Have you checked out the second version where I use phantom types to prevent
the more severe cases of data corruption?  Yes, you can still end up with
multiple copies of the same "set", but at least the tree won't get
inconsistent because you mistakenly called add with different comparison functions.
So it's as safe/unsafe as using List.assoc or the generic hash table to
store sets or hash tables.

That's still a problem, but it's not that much worse than with
functors.  After all, nothing prevents you from incorrectly writing

   module StringSet = Set.Make(String)
   module SetSet = Set.Make(struct type t = StringSet.t let compare = compare)

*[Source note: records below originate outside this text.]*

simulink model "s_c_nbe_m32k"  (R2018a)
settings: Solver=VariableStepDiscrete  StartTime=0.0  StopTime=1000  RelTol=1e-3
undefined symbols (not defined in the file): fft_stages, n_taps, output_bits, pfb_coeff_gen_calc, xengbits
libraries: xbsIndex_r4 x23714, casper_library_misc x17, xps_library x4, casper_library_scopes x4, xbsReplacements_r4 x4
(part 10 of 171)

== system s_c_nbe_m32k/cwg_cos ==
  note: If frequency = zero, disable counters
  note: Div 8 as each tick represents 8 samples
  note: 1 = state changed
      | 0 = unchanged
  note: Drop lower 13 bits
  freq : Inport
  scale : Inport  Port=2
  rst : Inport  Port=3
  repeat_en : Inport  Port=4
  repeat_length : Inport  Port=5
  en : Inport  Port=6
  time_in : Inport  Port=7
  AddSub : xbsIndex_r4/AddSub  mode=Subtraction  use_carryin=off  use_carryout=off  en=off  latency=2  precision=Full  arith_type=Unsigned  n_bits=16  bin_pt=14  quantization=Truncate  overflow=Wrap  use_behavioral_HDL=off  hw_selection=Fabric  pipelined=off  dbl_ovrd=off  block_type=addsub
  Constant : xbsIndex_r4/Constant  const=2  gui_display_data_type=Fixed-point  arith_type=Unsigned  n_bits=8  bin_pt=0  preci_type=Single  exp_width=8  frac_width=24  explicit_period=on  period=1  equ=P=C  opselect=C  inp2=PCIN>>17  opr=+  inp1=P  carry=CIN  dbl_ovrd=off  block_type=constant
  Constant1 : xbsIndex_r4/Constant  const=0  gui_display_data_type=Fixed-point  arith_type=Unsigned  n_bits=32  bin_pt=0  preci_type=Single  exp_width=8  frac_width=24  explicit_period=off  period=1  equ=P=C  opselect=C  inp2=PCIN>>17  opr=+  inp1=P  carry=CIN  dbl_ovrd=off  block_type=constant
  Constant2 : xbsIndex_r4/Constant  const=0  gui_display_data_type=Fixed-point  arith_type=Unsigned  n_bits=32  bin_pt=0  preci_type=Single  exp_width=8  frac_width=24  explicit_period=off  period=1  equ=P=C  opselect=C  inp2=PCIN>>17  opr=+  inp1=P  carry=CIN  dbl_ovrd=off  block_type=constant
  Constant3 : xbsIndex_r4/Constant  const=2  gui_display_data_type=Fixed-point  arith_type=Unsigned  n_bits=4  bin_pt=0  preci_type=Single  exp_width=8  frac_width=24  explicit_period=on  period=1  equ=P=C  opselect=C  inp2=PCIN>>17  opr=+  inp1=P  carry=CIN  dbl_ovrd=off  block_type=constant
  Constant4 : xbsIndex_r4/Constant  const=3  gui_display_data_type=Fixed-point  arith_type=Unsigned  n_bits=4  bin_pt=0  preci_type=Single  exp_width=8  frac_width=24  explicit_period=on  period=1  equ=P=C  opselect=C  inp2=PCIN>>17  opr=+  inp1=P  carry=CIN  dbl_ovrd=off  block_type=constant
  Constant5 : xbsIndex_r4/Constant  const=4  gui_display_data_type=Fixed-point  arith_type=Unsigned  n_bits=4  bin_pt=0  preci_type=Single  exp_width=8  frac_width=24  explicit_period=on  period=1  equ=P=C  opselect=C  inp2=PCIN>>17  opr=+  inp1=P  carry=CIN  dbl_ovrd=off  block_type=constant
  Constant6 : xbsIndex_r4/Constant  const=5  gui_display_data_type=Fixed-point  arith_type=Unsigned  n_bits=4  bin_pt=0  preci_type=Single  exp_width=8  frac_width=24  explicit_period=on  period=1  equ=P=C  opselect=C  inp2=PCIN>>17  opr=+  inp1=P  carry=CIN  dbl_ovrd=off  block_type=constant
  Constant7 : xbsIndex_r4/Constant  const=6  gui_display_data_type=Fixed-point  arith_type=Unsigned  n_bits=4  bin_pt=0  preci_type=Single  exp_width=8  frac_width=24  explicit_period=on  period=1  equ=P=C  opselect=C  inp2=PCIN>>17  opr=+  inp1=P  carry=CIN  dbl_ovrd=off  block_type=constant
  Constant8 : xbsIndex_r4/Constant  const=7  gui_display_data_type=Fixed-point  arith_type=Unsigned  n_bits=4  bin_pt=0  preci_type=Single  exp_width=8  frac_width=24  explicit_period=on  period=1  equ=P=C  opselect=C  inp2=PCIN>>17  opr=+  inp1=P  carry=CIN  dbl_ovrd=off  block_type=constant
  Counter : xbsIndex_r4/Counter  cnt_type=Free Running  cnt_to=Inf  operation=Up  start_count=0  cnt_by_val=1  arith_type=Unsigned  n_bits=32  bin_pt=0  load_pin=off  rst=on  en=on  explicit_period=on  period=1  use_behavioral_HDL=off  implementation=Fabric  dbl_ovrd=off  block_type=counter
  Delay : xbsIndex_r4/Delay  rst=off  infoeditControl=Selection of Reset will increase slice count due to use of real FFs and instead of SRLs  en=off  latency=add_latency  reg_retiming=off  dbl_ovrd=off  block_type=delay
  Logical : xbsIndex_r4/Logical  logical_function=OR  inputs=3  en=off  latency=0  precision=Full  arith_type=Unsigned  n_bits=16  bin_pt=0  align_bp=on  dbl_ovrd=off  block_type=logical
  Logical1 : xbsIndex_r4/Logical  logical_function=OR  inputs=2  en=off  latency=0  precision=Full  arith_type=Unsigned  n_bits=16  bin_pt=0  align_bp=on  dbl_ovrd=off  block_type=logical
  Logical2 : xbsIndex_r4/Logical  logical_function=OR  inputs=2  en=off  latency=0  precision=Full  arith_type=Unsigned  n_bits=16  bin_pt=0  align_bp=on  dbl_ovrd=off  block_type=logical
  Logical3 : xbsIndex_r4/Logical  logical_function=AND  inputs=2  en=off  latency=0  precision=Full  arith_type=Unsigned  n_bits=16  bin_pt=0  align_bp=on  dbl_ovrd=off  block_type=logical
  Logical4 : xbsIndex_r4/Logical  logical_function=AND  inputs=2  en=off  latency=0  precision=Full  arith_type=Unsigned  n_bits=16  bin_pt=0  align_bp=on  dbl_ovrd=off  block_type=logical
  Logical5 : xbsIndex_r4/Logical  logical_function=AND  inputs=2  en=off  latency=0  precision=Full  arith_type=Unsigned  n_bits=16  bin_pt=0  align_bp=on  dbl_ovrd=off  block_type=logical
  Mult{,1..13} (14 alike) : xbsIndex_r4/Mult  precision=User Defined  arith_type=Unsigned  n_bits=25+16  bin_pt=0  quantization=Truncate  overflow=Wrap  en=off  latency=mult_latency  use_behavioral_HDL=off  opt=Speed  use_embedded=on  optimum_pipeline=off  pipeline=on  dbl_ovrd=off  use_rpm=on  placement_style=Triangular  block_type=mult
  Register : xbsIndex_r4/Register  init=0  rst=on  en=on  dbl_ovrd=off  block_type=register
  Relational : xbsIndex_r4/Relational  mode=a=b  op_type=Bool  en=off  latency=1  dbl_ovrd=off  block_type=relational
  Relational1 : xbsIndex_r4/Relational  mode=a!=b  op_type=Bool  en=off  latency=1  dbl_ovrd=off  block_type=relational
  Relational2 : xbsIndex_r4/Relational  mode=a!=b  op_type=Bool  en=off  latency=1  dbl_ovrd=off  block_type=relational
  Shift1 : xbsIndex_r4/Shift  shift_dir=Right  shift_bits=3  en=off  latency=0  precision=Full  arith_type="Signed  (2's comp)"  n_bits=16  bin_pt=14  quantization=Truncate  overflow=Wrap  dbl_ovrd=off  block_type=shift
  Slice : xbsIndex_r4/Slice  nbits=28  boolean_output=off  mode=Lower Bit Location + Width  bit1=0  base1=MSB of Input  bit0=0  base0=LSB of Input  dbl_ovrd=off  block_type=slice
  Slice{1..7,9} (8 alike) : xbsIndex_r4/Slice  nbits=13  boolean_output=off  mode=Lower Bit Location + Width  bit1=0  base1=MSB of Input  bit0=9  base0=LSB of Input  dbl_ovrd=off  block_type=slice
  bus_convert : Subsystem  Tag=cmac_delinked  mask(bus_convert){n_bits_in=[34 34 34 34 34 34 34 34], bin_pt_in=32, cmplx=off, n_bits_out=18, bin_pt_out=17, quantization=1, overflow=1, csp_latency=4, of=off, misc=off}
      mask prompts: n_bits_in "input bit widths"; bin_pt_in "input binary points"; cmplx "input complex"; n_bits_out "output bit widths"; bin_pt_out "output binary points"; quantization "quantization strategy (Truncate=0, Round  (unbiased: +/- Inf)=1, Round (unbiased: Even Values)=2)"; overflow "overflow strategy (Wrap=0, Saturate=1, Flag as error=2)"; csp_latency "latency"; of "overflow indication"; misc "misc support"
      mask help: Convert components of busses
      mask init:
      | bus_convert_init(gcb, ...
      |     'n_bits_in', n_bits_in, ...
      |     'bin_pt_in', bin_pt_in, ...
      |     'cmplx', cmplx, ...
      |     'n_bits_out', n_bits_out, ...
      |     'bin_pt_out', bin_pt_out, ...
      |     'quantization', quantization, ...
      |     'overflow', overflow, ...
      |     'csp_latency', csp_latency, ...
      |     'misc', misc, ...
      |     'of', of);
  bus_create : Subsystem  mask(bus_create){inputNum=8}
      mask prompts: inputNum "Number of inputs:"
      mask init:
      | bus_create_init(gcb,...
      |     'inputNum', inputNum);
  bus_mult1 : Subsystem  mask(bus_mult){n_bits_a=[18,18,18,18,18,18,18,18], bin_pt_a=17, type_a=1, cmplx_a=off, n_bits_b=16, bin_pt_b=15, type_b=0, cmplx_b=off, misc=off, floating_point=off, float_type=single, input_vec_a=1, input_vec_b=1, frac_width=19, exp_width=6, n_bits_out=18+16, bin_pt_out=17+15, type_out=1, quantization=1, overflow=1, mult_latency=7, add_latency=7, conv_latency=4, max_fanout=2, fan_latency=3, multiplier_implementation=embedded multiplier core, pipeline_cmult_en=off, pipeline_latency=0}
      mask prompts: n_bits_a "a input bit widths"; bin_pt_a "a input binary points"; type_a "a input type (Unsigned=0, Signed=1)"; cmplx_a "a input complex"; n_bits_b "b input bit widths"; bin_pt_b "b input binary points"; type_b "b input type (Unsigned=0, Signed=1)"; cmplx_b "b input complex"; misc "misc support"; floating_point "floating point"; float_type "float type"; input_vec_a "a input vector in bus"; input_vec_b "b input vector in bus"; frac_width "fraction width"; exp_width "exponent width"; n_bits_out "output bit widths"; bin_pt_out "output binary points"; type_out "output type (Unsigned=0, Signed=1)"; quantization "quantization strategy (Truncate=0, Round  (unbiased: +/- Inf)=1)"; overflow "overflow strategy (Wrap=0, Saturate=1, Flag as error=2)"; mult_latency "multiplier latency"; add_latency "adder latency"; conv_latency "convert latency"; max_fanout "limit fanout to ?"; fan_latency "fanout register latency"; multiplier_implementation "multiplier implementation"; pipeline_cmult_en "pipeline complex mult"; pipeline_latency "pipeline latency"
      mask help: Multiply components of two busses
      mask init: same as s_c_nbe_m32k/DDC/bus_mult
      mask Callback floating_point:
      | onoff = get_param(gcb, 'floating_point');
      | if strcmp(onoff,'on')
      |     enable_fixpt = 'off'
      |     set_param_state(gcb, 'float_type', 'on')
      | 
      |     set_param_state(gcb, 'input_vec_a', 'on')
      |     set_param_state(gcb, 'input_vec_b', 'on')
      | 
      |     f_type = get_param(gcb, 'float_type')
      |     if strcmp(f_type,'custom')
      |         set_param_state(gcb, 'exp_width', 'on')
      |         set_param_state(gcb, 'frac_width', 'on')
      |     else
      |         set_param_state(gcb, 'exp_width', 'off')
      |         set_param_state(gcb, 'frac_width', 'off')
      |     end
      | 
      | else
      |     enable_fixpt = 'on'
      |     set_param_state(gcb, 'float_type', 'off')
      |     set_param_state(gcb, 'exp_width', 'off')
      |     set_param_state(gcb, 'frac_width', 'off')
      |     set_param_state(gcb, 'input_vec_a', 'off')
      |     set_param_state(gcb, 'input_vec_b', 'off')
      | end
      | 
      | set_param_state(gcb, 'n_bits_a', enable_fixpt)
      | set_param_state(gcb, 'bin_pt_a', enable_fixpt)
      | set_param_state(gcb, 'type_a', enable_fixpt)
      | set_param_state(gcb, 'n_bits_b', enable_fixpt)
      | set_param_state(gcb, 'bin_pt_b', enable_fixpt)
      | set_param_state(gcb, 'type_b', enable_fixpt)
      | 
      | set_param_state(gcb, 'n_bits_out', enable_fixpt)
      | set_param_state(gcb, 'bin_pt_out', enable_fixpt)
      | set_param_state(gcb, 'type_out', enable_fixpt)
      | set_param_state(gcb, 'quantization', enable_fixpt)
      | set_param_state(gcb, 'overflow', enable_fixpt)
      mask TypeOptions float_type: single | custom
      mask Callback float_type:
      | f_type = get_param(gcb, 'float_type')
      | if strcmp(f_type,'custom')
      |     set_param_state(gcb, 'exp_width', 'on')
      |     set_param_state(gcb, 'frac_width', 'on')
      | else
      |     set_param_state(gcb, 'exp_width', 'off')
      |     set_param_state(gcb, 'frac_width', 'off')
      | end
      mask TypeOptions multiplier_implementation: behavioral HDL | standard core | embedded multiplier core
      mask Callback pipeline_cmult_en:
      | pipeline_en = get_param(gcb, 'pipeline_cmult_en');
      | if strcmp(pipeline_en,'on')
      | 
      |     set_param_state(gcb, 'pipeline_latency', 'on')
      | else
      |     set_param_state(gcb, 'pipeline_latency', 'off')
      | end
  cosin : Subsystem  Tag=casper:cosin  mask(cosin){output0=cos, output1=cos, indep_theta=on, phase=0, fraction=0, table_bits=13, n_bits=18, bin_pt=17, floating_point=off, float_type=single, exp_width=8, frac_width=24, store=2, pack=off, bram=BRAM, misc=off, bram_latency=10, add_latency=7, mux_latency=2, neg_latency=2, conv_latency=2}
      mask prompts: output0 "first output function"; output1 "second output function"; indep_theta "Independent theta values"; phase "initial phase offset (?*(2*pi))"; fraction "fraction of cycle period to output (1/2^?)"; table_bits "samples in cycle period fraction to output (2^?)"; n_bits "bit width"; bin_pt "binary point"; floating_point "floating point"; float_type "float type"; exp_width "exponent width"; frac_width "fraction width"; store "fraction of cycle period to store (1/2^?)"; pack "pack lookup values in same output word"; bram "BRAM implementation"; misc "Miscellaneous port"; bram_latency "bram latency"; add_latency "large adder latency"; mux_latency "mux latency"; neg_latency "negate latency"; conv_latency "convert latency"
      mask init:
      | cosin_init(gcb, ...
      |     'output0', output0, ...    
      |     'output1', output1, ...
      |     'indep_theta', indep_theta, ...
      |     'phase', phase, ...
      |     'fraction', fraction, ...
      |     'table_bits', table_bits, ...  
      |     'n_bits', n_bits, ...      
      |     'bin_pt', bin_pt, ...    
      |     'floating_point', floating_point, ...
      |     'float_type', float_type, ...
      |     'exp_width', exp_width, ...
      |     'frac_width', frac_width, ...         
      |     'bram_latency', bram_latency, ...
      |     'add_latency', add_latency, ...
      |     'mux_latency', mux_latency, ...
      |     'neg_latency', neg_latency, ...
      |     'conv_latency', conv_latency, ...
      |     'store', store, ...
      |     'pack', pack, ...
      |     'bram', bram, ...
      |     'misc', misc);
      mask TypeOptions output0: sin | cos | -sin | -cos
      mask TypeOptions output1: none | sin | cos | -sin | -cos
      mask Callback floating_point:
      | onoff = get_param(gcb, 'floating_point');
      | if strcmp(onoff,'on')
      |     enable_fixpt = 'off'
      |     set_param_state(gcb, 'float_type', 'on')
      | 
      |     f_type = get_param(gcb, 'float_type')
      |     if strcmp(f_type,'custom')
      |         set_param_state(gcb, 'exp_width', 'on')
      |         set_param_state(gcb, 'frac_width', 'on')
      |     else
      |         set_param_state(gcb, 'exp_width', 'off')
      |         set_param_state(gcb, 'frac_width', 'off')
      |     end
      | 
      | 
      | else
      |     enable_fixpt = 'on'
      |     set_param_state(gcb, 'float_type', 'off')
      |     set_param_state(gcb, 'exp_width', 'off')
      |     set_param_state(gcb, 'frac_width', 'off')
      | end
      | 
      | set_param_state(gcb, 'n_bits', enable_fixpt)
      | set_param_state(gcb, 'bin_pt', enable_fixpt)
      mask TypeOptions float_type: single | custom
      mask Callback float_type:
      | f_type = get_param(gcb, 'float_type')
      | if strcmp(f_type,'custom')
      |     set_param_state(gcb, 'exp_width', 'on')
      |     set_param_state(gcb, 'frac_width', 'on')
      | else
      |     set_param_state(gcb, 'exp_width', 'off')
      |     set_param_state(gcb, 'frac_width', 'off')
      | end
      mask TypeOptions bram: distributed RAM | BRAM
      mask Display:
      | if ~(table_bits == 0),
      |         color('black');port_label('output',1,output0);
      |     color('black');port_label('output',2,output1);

 > However, the whole language is
> already dangerous in this sense because it is so easy to erroneously apply 
> polymorphic comparison or equality to the existing sets and maps and get 
> silent data corruption. The only solution is to fix the language itself by 
> allowing types to override comparison, equality and hashing.

Overriding equality etc. would require run-time type-based dispatch
or implicitly carrying the comparison function (as Haskell apparently does
with type classes) as an extra argument.  Could be expensive.

> Another inherent problem is the inefficiency of performing comparisons in this 
> way in OCaml. Type specialization (e.g. using a JIT) greatly accelerates this 
> kind of code by allowing the comparison function (which is almost always 
> trivial) to be inlined and optimized.

Did anyone try the GNU lightning-based ocamljit in the Ocaml CVS?